* [TASK DESCRIPTION]: When the line containing "#71=VERTEX_POINT('',#70);" appears in the data below, begin copying there and stop only after the line containing "#83=VECTOR('',#82,1.);".

* [Source records]:
::::::

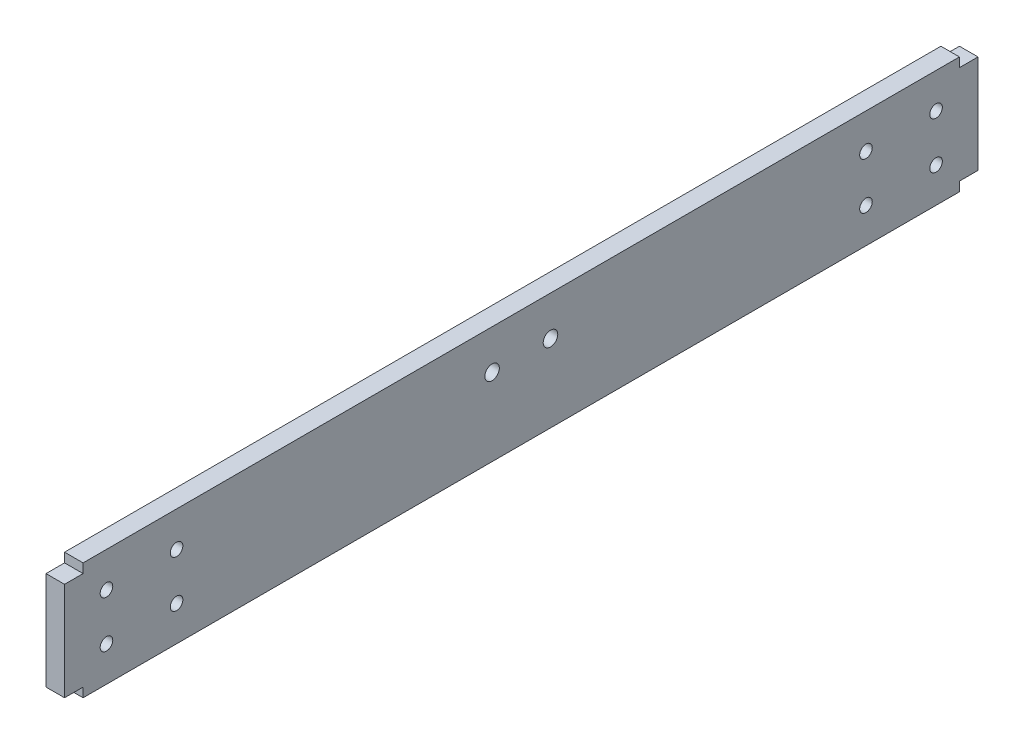
ISO-10303-21;
HEADER;
FILE_DESCRIPTION(('STEP AP214'),'2;1');
FILE_NAME('part.step','',(''),(''),'','','');
FILE_SCHEMA(('AUTOMOTIVE_DESIGN { 1 0 10303 214 1 1 1 1 }'));
ENDSEC;
DATA;
#1=APPLICATION_CONTEXT('core data for automotive mechanical design processes');
#2=APPLICATION_PROTOCOL_DEFINITION('international standard','automotive_design',2000,#1);
#3=PRODUCT_CONTEXT('',#1,'mechanical');
#4=PRODUCT('Part','Part','',(#3));
#5=PRODUCT_RELATED_PRODUCT_CATEGORY('part','',(#4));
#6=PRODUCT_DEFINITION_FORMATION('','',#4);
#7=PRODUCT_DEFINITION_CONTEXT('part definition',#1,'design');
#8=PRODUCT_DEFINITION('design','',#6,#7);
#9=PRODUCT_DEFINITION_SHAPE('','',#8);
#10=(LENGTH_UNIT() NAMED_UNIT(*) SI_UNIT(.MILLI.,.METRE.));
#11=(NAMED_UNIT(*) PLANE_ANGLE_UNIT() SI_UNIT($,.RADIAN.));
#12=(NAMED_UNIT(*) SI_UNIT($,.STERADIAN.) SOLID_ANGLE_UNIT());
#13=UNCERTAINTY_MEASURE_WITH_UNIT(LENGTH_MEASURE(1.E-05),#10,'distance_accuracy_value','');
#14=(GEOMETRIC_REPRESENTATION_CONTEXT(3) GLOBAL_UNCERTAINTY_ASSIGNED_CONTEXT((#13)) GLOBAL_UNIT_ASSIGNED_CONTEXT((#10,
#11,#12)) REPRESENTATION_CONTEXT('',''));
#15=CARTESIAN_POINT('',(0.,0.,0.));
#16=DIRECTION('',(0.,0.,1.));
#17=DIRECTION('',(1.,0.,0.));
#18=AXIS2_PLACEMENT_3D('',#15,#16,#17);
#19=CARTESIAN_POINT('',(6.35,-20.,-150.));
#20=DIRECTION('',(0.,0.,1.));
#21=DIRECTION('',(1.,0.,0.));
#22=AXIS2_PLACEMENT_3D('',#19,#20,#21);
#23=PLANE('',#22);
#24=DIRECTION('',(1.,0.,0.));
#25=VECTOR('',#24,1.);
#26=CARTESIAN_POINT('',(0.,16.825,-150.));
#27=LINE('',#26,#25);
#28=CARTESIAN_POINT('',(0.,16.825,-150.));
#29=VERTEX_POINT('',#28);
#30=CARTESIAN_POINT('',(6.35,16.825,-150.));
#31=VERTEX_POINT('',#30);
#32=EDGE_CURVE('E133',#29,#31,#27,.T.);
#33=ORIENTED_EDGE('',*,*,#32,.F.);
#34=DIRECTION('',(0.,1.,0.));
#35=VECTOR('',#34,1.);
#36=CARTESIAN_POINT('',(0.,-20.,-150.));
#37=LINE('',#36,#35);
#38=CARTESIAN_POINT('',(0.,20.,-150.));
#39=VERTEX_POINT('',#38);
#40=EDGE_CURVE('E145',#29,#39,#37,.T.);
#41=ORIENTED_EDGE('',*,*,#40,.T.);
#42=DIRECTION('',(-1.,0.,0.));
#43=VECTOR('',#42,1.);
#44=CARTESIAN_POINT('',(6.35,20.,-150.));
#45=LINE('',#44,#43);
#46=CARTESIAN_POINT('',(6.35,20.,-150.));
#47=VERTEX_POINT('',#46);
#48=EDGE_CURVE('E41',#47,#39,#45,.T.);
#49=ORIENTED_EDGE('',*,*,#48,.F.);
#50=DIRECTION('',(0.,1.,0.));
#51=VECTOR('',#50,1.);
#52=CARTESIAN_POINT('',(6.35,-20.,-150.));
#53=LINE('',#52,#51);
#54=EDGE_CURVE('E309',#31,#47,#53,.T.);
#55=ORIENTED_EDGE('',*,*,#54,.F.);
#56=EDGE_LOOP('',(#33,#41,#49,#55));
#57=FACE_BOUND('',#56,.T.);
#58=ADVANCED_FACE('F32',(#57),#23,.F.);
#59=CARTESIAN_POINT('',(6.35,-20.,150.));
#60=DIRECTION('',(0.,0.,-1.));
#61=DIRECTION('',(-1.,0.,0.));
#62=AXIS2_PLACEMENT_3D('',#59,#60,#61);
#63=PLANE('',#62);
#64=DIRECTION('',(1.,0.,0.));
#65=VECTOR('',#64,1.);
#66=CARTESIAN_POINT('',(0.,-16.825,150.));
#67=LINE('',#66,#65);
#68=CARTESIAN_POINT('',(0.,-16.825,150.));
#69=VERTEX_POINT('',#68);
#70=CARTESIAN_POINT('',(6.35,-16.825,150.));
#71=VERTEX_POINT('',#70);
#72=EDGE_CURVE('E322',#69,#71,#67,.T.);
#73=ORIENTED_EDGE('',*,*,#72,.F.);
#74=DIRECTION('',(0.,-1.,0.));
#75=VECTOR('',#74,1.);
#76=CARTESIAN_POINT('',(0.,-20.,150.));
#77=LINE('',#76,#75);
#78=CARTESIAN_POINT('',(0.,-20.,150.));
#79=VERTEX_POINT('',#78);
#80=EDGE_CURVE('E256',#69,#79,#77,.T.);
#81=ORIENTED_EDGE('',*,*,#80,.T.);
#82=DIRECTION('',(-1.,0.,0.));
#83=VECTOR('',#82,1.);
#84=CARTESIAN_POINT('',(6.35,-20.,150.));
#85=LINE('',#84,#83);
#86=CARTESIAN_POINT('',(6.35,-20.,150.));
#87=VERTEX_POINT('',#86);
#88=EDGE_CURVE('E272',#87,#79,#85,.T.);
#89=ORIENTED_EDGE('',*,*,#88,.F.);
#90=DIRECTION('',(0.,-1.,0.));
#91=VECTOR('',#90,1.);
#92=CARTESIAN_POINT('',(6.35,-20.,150.));
#93=LINE('',#92,#91);
#94=EDGE_CURVE('E294',#71,#87,#93,.T.);
#95=ORIENTED_EDGE('',*,*,#94,.F.);
#96=EDGE_LOOP('',(#73,#81,#89,#95));
#97=FACE_BOUND('',#96,.T.);
#98=ADVANCED_FACE('F230',(#97),#63,.F.);
#99=CARTESIAN_POINT('',(6.35,-20.,150.));
#100=DIRECTION('',(0.,1.,0.));
#101=DIRECTION('',(0.,0.,1.));
#102=AXIS2_PLACEMENT_3D('',#99,#100,#101);
#103=PLANE('',#102);
#104=DIRECTION('',(0.,0.,-1.));
#105=VECTOR('',#104,1.);
#106=CARTESIAN_POINT('',(0.,-20.,150.));
#107=LINE('',#106,#105);
#108=CARTESIAN_POINT('',(0.,-20.,-150.));
#109=VERTEX_POINT('',#108);
#110=EDGE_CURVE('E258',#79,#109,#107,.T.);
#111=ORIENTED_EDGE('',*,*,#110,.T.);
#112=DIRECTION('',(-1.,0.,0.));
#113=VECTOR('',#112,1.);
#114=CARTESIAN_POINT('',(6.35,-20.,-150.));
#115=LINE('',#114,#113);
#116=CARTESIAN_POINT('',(6.35,-20.,-150.));
#117=VERTEX_POINT('',#116);
#118=EDGE_CURVE('E11',#117,#109,#115,.T.);
#119=ORIENTED_EDGE('',*,*,#118,.F.);
#120=DIRECTION('',(0.,0.,-1.));
#121=VECTOR('',#120,1.);
#122=CARTESIAN_POINT('',(6.35,-20.,150.));
#123=LINE('',#122,#121);
#124=EDGE_CURVE('E280',#87,#117,#123,.T.);
#125=ORIENTED_EDGE('',*,*,#124,.F.);
#126=ORIENTED_EDGE('',*,*,#88,.T.);
#127=EDGE_LOOP('',(#111,#119,#125,#126));
#128=FACE_BOUND('',#127,.T.);
#129=ADVANCED_FACE('F34',(#128),#103,.F.);
#130=CARTESIAN_POINT('',(0.,-16.825,-150.));
#131=VERTEX_POINT('',#130);
#132=EDGE_CURVE('E250',#109,#131,#37,.T.);
#133=ORIENTED_EDGE('',*,*,#132,.T.);
#134=DIRECTION('',(1.,0.,0.));
#135=VECTOR('',#134,1.);
#136=CARTESIAN_POINT('',(0.,-16.825,-150.));
#137=LINE('',#136,#135);
#138=CARTESIAN_POINT('',(6.35,-16.825,-150.));
#139=VERTEX_POINT('',#138);
#140=EDGE_CURVE('E159',#131,#139,#137,.T.);
#141=ORIENTED_EDGE('',*,*,#140,.T.);
#142=EDGE_CURVE('E303',#117,#139,#53,.T.);
#143=ORIENTED_EDGE('',*,*,#142,.F.);
#144=ORIENTED_EDGE('',*,*,#118,.T.);
#145=EDGE_LOOP('',(#133,#141,#143,#144));
#146=FACE_BOUND('',#145,.T.);
#147=ADVANCED_FACE('F232',(#146),#23,.F.);
#148=CARTESIAN_POINT('',(6.35,20.,150.));
#149=DIRECTION('',(0.,-1.,0.));
#150=DIRECTION('',(0.,0.,-1.));
#151=AXIS2_PLACEMENT_3D('',#148,#149,#150);
#152=PLANE('',#151);
#153=DIRECTION('',(0.,0.,1.));
#154=VECTOR('',#153,1.);
#155=CARTESIAN_POINT('',(0.,20.,150.));
#156=LINE('',#155,#154);
#157=CARTESIAN_POINT('',(0.,20.,150.));
#158=VERTEX_POINT('',#157);
#159=EDGE_CURVE('E254',#39,#158,#156,.T.);
#160=ORIENTED_EDGE('',*,*,#159,.T.);
#161=DIRECTION('',(-1.,0.,0.));
#162=VECTOR('',#161,1.);
#163=CARTESIAN_POINT('',(6.35,20.,150.));
#164=LINE('',#163,#162);
#165=CARTESIAN_POINT('',(6.35,20.,150.));
#166=VERTEX_POINT('',#165);
#167=EDGE_CURVE('E283',#166,#158,#164,.T.);
#168=ORIENTED_EDGE('',*,*,#167,.F.);
#169=DIRECTION('',(0.,0.,1.));
#170=VECTOR('',#169,1.);
#171=CARTESIAN_POINT('',(6.35,20.,150.));
#172=LINE('',#171,#170);
#173=EDGE_CURVE('E296',#47,#166,#172,.T.);
#174=ORIENTED_EDGE('',*,*,#173,.F.);
#175=ORIENTED_EDGE('',*,*,#48,.T.);
#176=EDGE_LOOP('',(#160,#168,#174,#175));
#177=FACE_BOUND('',#176,.T.);
#178=ADVANCED_FACE('F241',(#177),#152,.F.);
#179=CARTESIAN_POINT('',(0.,16.825,150.));
#180=VERTEX_POINT('',#179);
#181=EDGE_CURVE('E278',#158,#180,#77,.T.);
#182=ORIENTED_EDGE('',*,*,#181,.T.);
#183=DIRECTION('',(1.,0.,0.));
#184=VECTOR('',#183,1.);
#185=CARTESIAN_POINT('',(0.,16.825,150.));
#186=LINE('',#185,#184);
#187=CARTESIAN_POINT('',(6.35,16.825,150.));
#188=VERTEX_POINT('',#187);
#189=EDGE_CURVE('E318',#180,#188,#186,.T.);
#190=ORIENTED_EDGE('',*,*,#189,.T.);
#191=EDGE_CURVE('E290',#166,#188,#93,.T.);
#192=ORIENTED_EDGE('',*,*,#191,.F.);
#193=ORIENTED_EDGE('',*,*,#167,.T.);
#194=EDGE_LOOP('',(#182,#190,#192,#193));
#195=FACE_BOUND('',#194,.T.);
#196=ADVANCED_FACE('F238',(#195),#63,.F.);
#197=CARTESIAN_POINT('',(6.35,0.,0.));
#198=DIRECTION('',(1.,0.,0.));
#199=DIRECTION('',(0.,0.,-1.));
#200=AXIS2_PLACEMENT_3D('',#197,#198,#199);
#201=PLANE('',#200);
#202=CARTESIAN_POINT('',(6.35,8.,142.));
#203=DIRECTION('',(1.,0.,0.));
#204=DIRECTION('',(0.,0.,-1.));
#205=AXIS2_PLACEMENT_3D('',#202,#203,#204);
#206=CIRCLE('',#205,2.15264999999999);
#207=CARTESIAN_POINT('',(6.35,8.,139.84735));
#208=VERTEX_POINT('',#207);
#209=EDGE_CURVE('E493',#208,#208,#206,.T.);
#210=ORIENTED_EDGE('',*,*,#209,.F.);
#211=EDGE_LOOP('',(#210));
#212=FACE_BOUND('',#211,.T.);
#213=CARTESIAN_POINT('',(6.35,8.,118.));
#214=DIRECTION('',(1.,0.,0.));
#215=DIRECTION('',(0.,0.,-1.));
#216=AXIS2_PLACEMENT_3D('',#213,#214,#215);
#217=CIRCLE('',#216,2.15264999999999);
#218=CARTESIAN_POINT('',(6.35,8.,115.84735));
#219=VERTEX_POINT('',#218);
#220=EDGE_CURVE('E497',#219,#219,#217,.T.);
#221=ORIENTED_EDGE('',*,*,#220,.F.);
#222=EDGE_LOOP('',(#221));
#223=FACE_BOUND('',#222,.T.);
#224=CARTESIAN_POINT('',(6.35,-8.,118.));
#225=DIRECTION('',(1.,0.,0.));
#226=DIRECTION('',(0.,0.,-1.));
#227=AXIS2_PLACEMENT_3D('',#224,#225,#226);
#228=CIRCLE('',#227,2.15264999999999);
#229=CARTESIAN_POINT('',(6.35,-8.,115.84735));
#230=VERTEX_POINT('',#229);
#231=EDGE_CURVE('E506',#230,#230,#228,.T.);
#232=ORIENTED_EDGE('',*,*,#231,.F.);
#233=EDGE_LOOP('',(#232));
#234=FACE_BOUND('',#233,.T.);
#235=CARTESIAN_POINT('',(6.35,-8.,142.));
#236=DIRECTION('',(1.,0.,0.));
#237=DIRECTION('',(0.,0.,-1.));
#238=AXIS2_PLACEMENT_3D('',#235,#236,#237);
#239=CIRCLE('',#238,2.15264999999999);
#240=CARTESIAN_POINT('',(6.35,-8.,139.84735));
#241=VERTEX_POINT('',#240);
#242=EDGE_CURVE('E509',#241,#241,#239,.T.);
#243=ORIENTED_EDGE('',*,*,#242,.F.);
#244=EDGE_LOOP('',(#243));
#245=FACE_BOUND('',#244,.T.);
#246=CARTESIAN_POINT('',(6.35,7.99999999999998,-118.));
#247=DIRECTION('',(1.,0.,0.));
#248=DIRECTION('',(0.,0.,-1.));
#249=AXIS2_PLACEMENT_3D('',#246,#247,#248);
#250=CIRCLE('',#249,2.15264999999999);
#251=CARTESIAN_POINT('',(6.35,7.99999999999998,-120.15265));
#252=VERTEX_POINT('',#251);
#253=EDGE_CURVE('E195',#252,#252,#250,.T.);
#254=ORIENTED_EDGE('',*,*,#253,.F.);
#255=EDGE_LOOP('',(#254));
#256=FACE_BOUND('',#255,.T.);
#257=CARTESIAN_POINT('',(6.35,7.99999999999999,-142.));
#258=DIRECTION('',(1.,0.,0.));
#259=DIRECTION('',(0.,0.,-1.));
#260=AXIS2_PLACEMENT_3D('',#257,#258,#259);
#261=CIRCLE('',#260,2.15264999999999);
#262=CARTESIAN_POINT('',(6.35,7.99999999999999,-144.15265));
#263=VERTEX_POINT('',#262);
#264=EDGE_CURVE('E183',#263,#263,#261,.T.);
#265=ORIENTED_EDGE('',*,*,#264,.F.);
#266=EDGE_LOOP('',(#265));
#267=FACE_BOUND('',#266,.T.);
#268=CARTESIAN_POINT('',(6.35,-8.00000000000001,-142.));
#269=DIRECTION('',(1.,0.,0.));
#270=DIRECTION('',(0.,0.,-1.));
#271=AXIS2_PLACEMENT_3D('',#268,#269,#270);
#272=CIRCLE('',#271,2.15264999999999);
#273=CARTESIAN_POINT('',(6.35,-8.00000000000001,-144.15265));
#274=VERTEX_POINT('',#273);
#275=EDGE_CURVE('E182',#274,#274,#272,.T.);
#276=ORIENTED_EDGE('',*,*,#275,.F.);
#277=EDGE_LOOP('',(#276));
#278=FACE_BOUND('',#277,.T.);
#279=CARTESIAN_POINT('',(6.35,-8.00000000000002,-118.));
#280=DIRECTION('',(1.,0.,0.));
#281=DIRECTION('',(0.,0.,-1.));
#282=AXIS2_PLACEMENT_3D('',#279,#280,#281);
#283=CIRCLE('',#282,2.15264999999999);
#284=CARTESIAN_POINT('',(6.35,-8.00000000000002,-120.15265));
#285=VERTEX_POINT('',#284);
#286=EDGE_CURVE('E179',#285,#285,#283,.T.);
#287=ORIENTED_EDGE('',*,*,#286,.F.);
#288=EDGE_LOOP('',(#287));
#289=FACE_BOUND('',#288,.T.);
#290=CARTESIAN_POINT('',(6.35,6.5,10.));
#291=DIRECTION('',(1.,0.,0.));
#292=DIRECTION('',(0.,0.,-1.));
#293=AXIS2_PLACEMENT_3D('',#290,#291,#292);
#294=CIRCLE('',#293,2.4892);
#295=CARTESIAN_POINT('',(6.35,6.5,7.5108));
#296=VERTEX_POINT('',#295);
#297=EDGE_CURVE('E178',#296,#296,#294,.T.);
#298=ORIENTED_EDGE('',*,*,#297,.F.);
#299=EDGE_LOOP('',(#298));
#300=FACE_BOUND('',#299,.T.);
#301=CARTESIAN_POINT('',(6.35,6.5,-10.));
#302=DIRECTION('',(1.,0.,0.));
#303=DIRECTION('',(0.,0.,-1.));
#304=AXIS2_PLACEMENT_3D('',#301,#302,#303);
#305=CIRCLE('',#304,2.4892);
#306=CARTESIAN_POINT('',(6.35,6.5,-12.4892));
#307=VERTEX_POINT('',#306);
#308=EDGE_CURVE('E207',#307,#307,#305,.T.);
#309=ORIENTED_EDGE('',*,*,#308,.F.);
#310=EDGE_LOOP('',(#309));
#311=FACE_BOUND('',#310,.T.);
#312=ORIENTED_EDGE('',*,*,#124,.T.);
#313=ORIENTED_EDGE('',*,*,#142,.T.);
#314=DIRECTION('',(0.,0.,-1.));
#315=VECTOR('',#314,1.);
#316=CARTESIAN_POINT('',(6.35,-16.825,-156.35));
#317=LINE('',#316,#315);
#318=CARTESIAN_POINT('',(6.35,-16.825,-156.35));
#319=VERTEX_POINT('',#318);
#320=EDGE_CURVE('E49',#139,#319,#317,.T.);
#321=ORIENTED_EDGE('',*,*,#320,.T.);
#322=DIRECTION('',(0.,1.,0.));
#323=VECTOR('',#322,1.);
#324=CARTESIAN_POINT('',(6.35,16.825,-156.35));
#325=LINE('',#324,#323);
#326=CARTESIAN_POINT('',(6.35,16.825,-156.35));
#327=VERTEX_POINT('',#326);
#328=EDGE_CURVE('E155',#319,#327,#325,.T.);
#329=ORIENTED_EDGE('',*,*,#328,.T.);
#330=DIRECTION('',(0.,0.,1.));
#331=VECTOR('',#330,1.);
#332=CARTESIAN_POINT('',(6.35,16.825,-156.35));
#333=LINE('',#332,#331);
#334=EDGE_CURVE('E128',#327,#31,#333,.T.);
#335=ORIENTED_EDGE('',*,*,#334,.T.);
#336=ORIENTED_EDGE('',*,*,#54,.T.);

::::::

* [OUTPUT]:
#71=VERTEX_POINT('',#70);
#72=EDGE_CURVE('E322',#69,#71,#67,.T.);
#73=ORIENTED_EDGE('',*,*,#72,.F.);
#74=DIRECTION('',(0.,-1.,0.));
#75=VECTOR('',#74,1.);
#76=CARTESIAN_POINT('',(0.,-20.,150.));
#77=LINE('',#76,#75);
#78=CARTESIAN_POINT('',(0.,-20.,150.));
#79=VERTEX_POINT('',#78);
#80=EDGE_CURVE('E256',#69,#79,#77,.T.);
#81=ORIENTED_EDGE('',*,*,#80,.T.);
#82=DIRECTION('',(-1.,0.,0.));
#83=VECTOR('',#82,1.);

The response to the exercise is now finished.